**INFORMATION GIVEN**
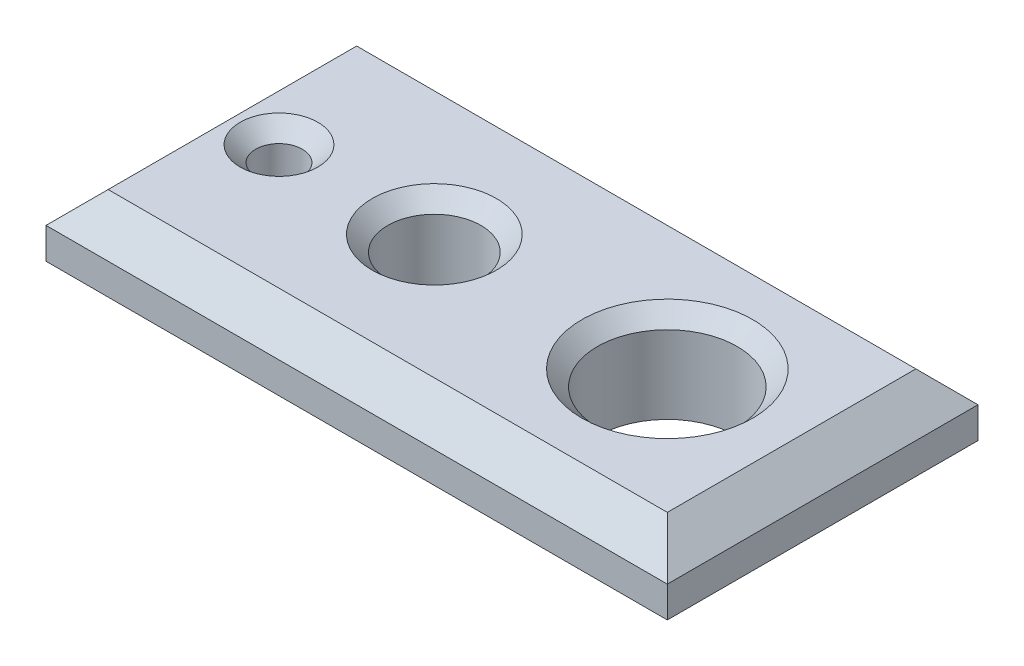
ISO-10303-21;
HEADER;
FILE_DESCRIPTION(('STEP AP214'),'2;1');
FILE_NAME('part.step','',(''),(''),'','','');
FILE_SCHEMA(('AUTOMOTIVE_DESIGN { 1 0 10303 214 1 1 1 1 }'));
ENDSEC;
DATA;
#1=APPLICATION_CONTEXT('core data for automotive mechanical design processes');
#2=APPLICATION_PROTOCOL_DEFINITION('international standard','automotive_design',2000,#1);
#3=PRODUCT_CONTEXT('',#1,'mechanical');
#4=PRODUCT('Part','Part','',(#3));
#5=PRODUCT_RELATED_PRODUCT_CATEGORY('part','',(#4));
#6=PRODUCT_DEFINITION_FORMATION('','',#4);
#7=PRODUCT_DEFINITION_CONTEXT('part definition',#1,'design');
#8=PRODUCT_DEFINITION('design','',#6,#7);
#9=PRODUCT_DEFINITION_SHAPE('','',#8);
#10=(LENGTH_UNIT() NAMED_UNIT(*) SI_UNIT(.MILLI.,.METRE.));
#11=(NAMED_UNIT(*) PLANE_ANGLE_UNIT() SI_UNIT($,.RADIAN.));
#12=(NAMED_UNIT(*) SI_UNIT($,.STERADIAN.) SOLID_ANGLE_UNIT());
#13=UNCERTAINTY_MEASURE_WITH_UNIT(LENGTH_MEASURE(1.E-05),#10,'distance_accuracy_value','');
#14=(GEOMETRIC_REPRESENTATION_CONTEXT(3) GLOBAL_UNCERTAINTY_ASSIGNED_CONTEXT((#13)) GLOBAL_UNIT_ASSIGNED_CONTEXT((#10,
#11,#12)) REPRESENTATION_CONTEXT('',''));
#15=CARTESIAN_POINT('',(0.,0.,0.));
#16=DIRECTION('',(0.,0.,1.));
#17=DIRECTION('',(1.,0.,0.));
#18=AXIS2_PLACEMENT_3D('',#15,#16,#17);
#19=CARTESIAN_POINT('',(100.,30.,-50.));
#20=DIRECTION('',(-1.,0.,0.));
#21=DIRECTION('',(0.,0.,1.));
#22=AXIS2_PLACEMENT_3D('',#19,#20,#21);
#23=PLANE('',#22);
#24=DIRECTION('',(0.,-1.,0.));
#25=VECTOR('',#24,1.);
#26=CARTESIAN_POINT('',(100.,30.,50.));
#27=LINE('',#26,#25);
#28=CARTESIAN_POINT('',(100.,19.9999999999999,50.));
#29=VERTEX_POINT('',#28);
#30=CARTESIAN_POINT('',(100.,10.,50.));
#31=VERTEX_POINT('',#30);
#32=EDGE_CURVE('E128',#29,#31,#27,.T.);
#33=ORIENTED_EDGE('',*,*,#32,.T.);
#34=DIRECTION('',(0.,0.,-1.));
#35=VECTOR('',#34,1.);
#36=CARTESIAN_POINT('',(100.,10.,-50.));
#37=LINE('',#36,#35);
#38=CARTESIAN_POINT('',(100.,10.,-50.));
#39=VERTEX_POINT('',#38);
#40=EDGE_CURVE('E130',#31,#39,#37,.T.);
#41=ORIENTED_EDGE('',*,*,#40,.T.);
#42=DIRECTION('',(0.,-1.,0.));
#43=VECTOR('',#42,1.);
#44=CARTESIAN_POINT('',(100.,30.,-50.));
#45=LINE('',#44,#43);
#46=CARTESIAN_POINT('',(100.,19.9999999999999,-50.));
#47=VERTEX_POINT('',#46);
#48=EDGE_CURVE('E123',#47,#39,#45,.T.);
#49=ORIENTED_EDGE('',*,*,#48,.F.);
#50=DIRECTION('',(0.,0.,1.));
#51=VECTOR('',#50,1.);
#52=CARTESIAN_POINT('',(100.,19.9999999999999,50.));
#53=LINE('',#52,#51);
#54=EDGE_CURVE('E107',#47,#29,#53,.T.);
#55=ORIENTED_EDGE('',*,*,#54,.T.);
#56=EDGE_LOOP('',(#33,#41,#49,#55));
#57=FACE_BOUND('',#56,.T.);
#58=ADVANCED_FACE('F37',(#57),#23,.F.);
#59=CARTESIAN_POINT('',(-100.,30.,-50.));
#60=DIRECTION('',(0.,0.,1.));
#61=DIRECTION('',(1.,0.,0.));
#62=AXIS2_PLACEMENT_3D('',#59,#60,#61);
#63=PLANE('',#62);
#64=ORIENTED_EDGE('',*,*,#48,.T.);
#65=DIRECTION('',(-1.,0.,0.));
#66=VECTOR('',#65,1.);
#67=CARTESIAN_POINT('',(-100.,10.,-50.));
#68=LINE('',#67,#66);
#69=CARTESIAN_POINT('',(-100.,10.,-50.));
#70=VERTEX_POINT('',#69);
#71=EDGE_CURVE('E131',#39,#70,#68,.T.);
#72=ORIENTED_EDGE('',*,*,#71,.T.);
#73=DIRECTION('',(0.,-1.,0.));
#74=VECTOR('',#73,1.);
#75=CARTESIAN_POINT('',(-100.,30.,-50.));
#76=LINE('',#75,#74);
#77=CARTESIAN_POINT('',(-100.,19.9999999999999,-50.));
#78=VERTEX_POINT('',#77);
#79=EDGE_CURVE('E139',#78,#70,#76,.T.);
#80=ORIENTED_EDGE('',*,*,#79,.F.);
#81=DIRECTION('',(1.,0.,0.));
#82=VECTOR('',#81,1.);
#83=CARTESIAN_POINT('',(100.,19.9999999999999,-50.));
#84=LINE('',#83,#82);
#85=EDGE_CURVE('E165',#78,#47,#84,.T.);
#86=ORIENTED_EDGE('',*,*,#85,.T.);
#87=EDGE_LOOP('',(#64,#72,#80,#86));
#88=FACE_BOUND('',#87,.T.);
#89=ADVANCED_FACE('F218',(#88),#63,.F.);
#90=CARTESIAN_POINT('',(-100.,30.,-50.));
#91=DIRECTION('',(1.,0.,0.));
#92=DIRECTION('',(0.,0.,-1.));
#93=AXIS2_PLACEMENT_3D('',#90,#91,#92);
#94=PLANE('',#93);
#95=ORIENTED_EDGE('',*,*,#79,.T.);
#96=DIRECTION('',(0.,0.,1.));
#97=VECTOR('',#96,1.);
#98=CARTESIAN_POINT('',(-100.,10.,-50.));
#99=LINE('',#98,#97);
#100=CARTESIAN_POINT('',(-100.,10.,50.));
#101=VERTEX_POINT('',#100);
#102=EDGE_CURVE('E163',#70,#101,#99,.T.);
#103=ORIENTED_EDGE('',*,*,#102,.T.);
#104=DIRECTION('',(0.,-1.,0.));
#105=VECTOR('',#104,1.);
#106=CARTESIAN_POINT('',(-100.,30.,50.));
#107=LINE('',#106,#105);
#108=CARTESIAN_POINT('',(-100.,19.9999999999999,50.));
#109=VERTEX_POINT('',#108);
#110=EDGE_CURVE('E136',#109,#101,#107,.T.);
#111=ORIENTED_EDGE('',*,*,#110,.F.);
#112=DIRECTION('',(0.,0.,-1.));
#113=VECTOR('',#112,1.);
#114=CARTESIAN_POINT('',(-100.,19.9999999999999,-50.));
#115=LINE('',#114,#113);
#116=EDGE_CURVE('E161',#109,#78,#115,.T.);
#117=ORIENTED_EDGE('',*,*,#116,.T.);
#118=EDGE_LOOP('',(#95,#103,#111,#117));
#119=FACE_BOUND('',#118,.T.);
#120=ADVANCED_FACE('F223',(#119),#94,.F.);
#121=CARTESIAN_POINT('',(-100.,30.,50.));
#122=DIRECTION('',(0.,0.,-1.));
#123=DIRECTION('',(-1.,0.,0.));
#124=AXIS2_PLACEMENT_3D('',#121,#122,#123);
#125=PLANE('',#124);
#126=ORIENTED_EDGE('',*,*,#110,.T.);
#127=DIRECTION('',(1.,0.,0.));
#128=VECTOR('',#127,1.);
#129=CARTESIAN_POINT('',(-100.,10.,50.));
#130=LINE('',#129,#128);
#131=EDGE_CURVE('E122',#101,#31,#130,.T.);
#132=ORIENTED_EDGE('',*,*,#131,.T.);
#133=ORIENTED_EDGE('',*,*,#32,.F.);
#134=DIRECTION('',(-1.,0.,0.));
#135=VECTOR('',#134,1.);
#136=CARTESIAN_POINT('',(-100.,19.9999999999999,50.));
#137=LINE('',#136,#135);
#138=EDGE_CURVE('E114',#29,#109,#137,.T.);
#139=ORIENTED_EDGE('',*,*,#138,.T.);
#140=EDGE_LOOP('',(#126,#132,#133,#139));
#141=FACE_BOUND('',#140,.T.);
#142=ADVANCED_FACE('F134',(#141),#125,.F.);
#143=CARTESIAN_POINT('',(0.,30.,0.));
#144=DIRECTION('',(0.,1.,0.));
#145=DIRECTION('',(0.,0.,1.));
#146=AXIS2_PLACEMENT_3D('',#143,#144,#145);
#147=PLANE('',#146);
#148=CARTESIAN_POINT('',(-75.,30.,0.));
#149=DIRECTION('',(0.,1.,0.));
#150=DIRECTION('',(0.,0.,1.));
#151=AXIS2_PLACEMENT_3D('',#148,#149,#150);
#152=CIRCLE('',#151,12.5);
#153=CARTESIAN_POINT('',(-75.,30.,12.5));
#154=VERTEX_POINT('',#153);
#155=EDGE_CURVE('E195',#154,#154,#152,.F.);
#156=ORIENTED_EDGE('',*,*,#155,.T.);
#157=EDGE_LOOP('',(#156));
#158=FACE_BOUND('',#157,.T.);
#159=CARTESIAN_POINT('',(-25.,30.,0.));
#160=DIRECTION('',(0.,1.,0.));
#161=DIRECTION('',(0.,0.,1.));
#162=AXIS2_PLACEMENT_3D('',#159,#160,#161);
#163=CIRCLE('',#162,20.);
#164=CARTESIAN_POINT('',(-25.,30.,20.));
#165=VERTEX_POINT('',#164);
#166=EDGE_CURVE('E192',#165,#165,#163,.F.);
#167=ORIENTED_EDGE('',*,*,#166,.T.);
#168=EDGE_LOOP('',(#167));
#169=FACE_BOUND('',#168,.T.);
#170=CARTESIAN_POINT('',(50.,30.,0.));
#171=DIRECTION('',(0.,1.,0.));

**REQUIRED WORK**
Working from the material above, restate word for word the lines between the line with "#148=CARTESIAN_POINT('',(-75.,30.,0.));" and the line with "#161=DIRECTION('',(0.,0.,1.));", both included, and only those.

**PROBLEM SOLUTION**
#148=CARTESIAN_POINT('',(-75.,30.,0.));
#149=DIRECTION('',(0.,1.,0.));
#150=DIRECTION('',(0.,0.,1.));
#151=AXIS2_PLACEMENT_3D('',#148,#149,#150);
#152=CIRCLE('',#151,12.5);
#153=CARTESIAN_POINT('',(-75.,30.,12.5));
#154=VERTEX_POINT('',#153);
#155=EDGE_CURVE('E195',#154,#154,#152,.F.);
#156=ORIENTED_EDGE('',*,*,#155,.T.);
#157=EDGE_LOOP('',(#156));
#158=FACE_BOUND('',#157,.T.);
#159=CARTESIAN_POINT('',(-25.,30.,0.));
#160=DIRECTION('',(0.,1.,0.));
#161=DIRECTION('',(0.,0.,1.));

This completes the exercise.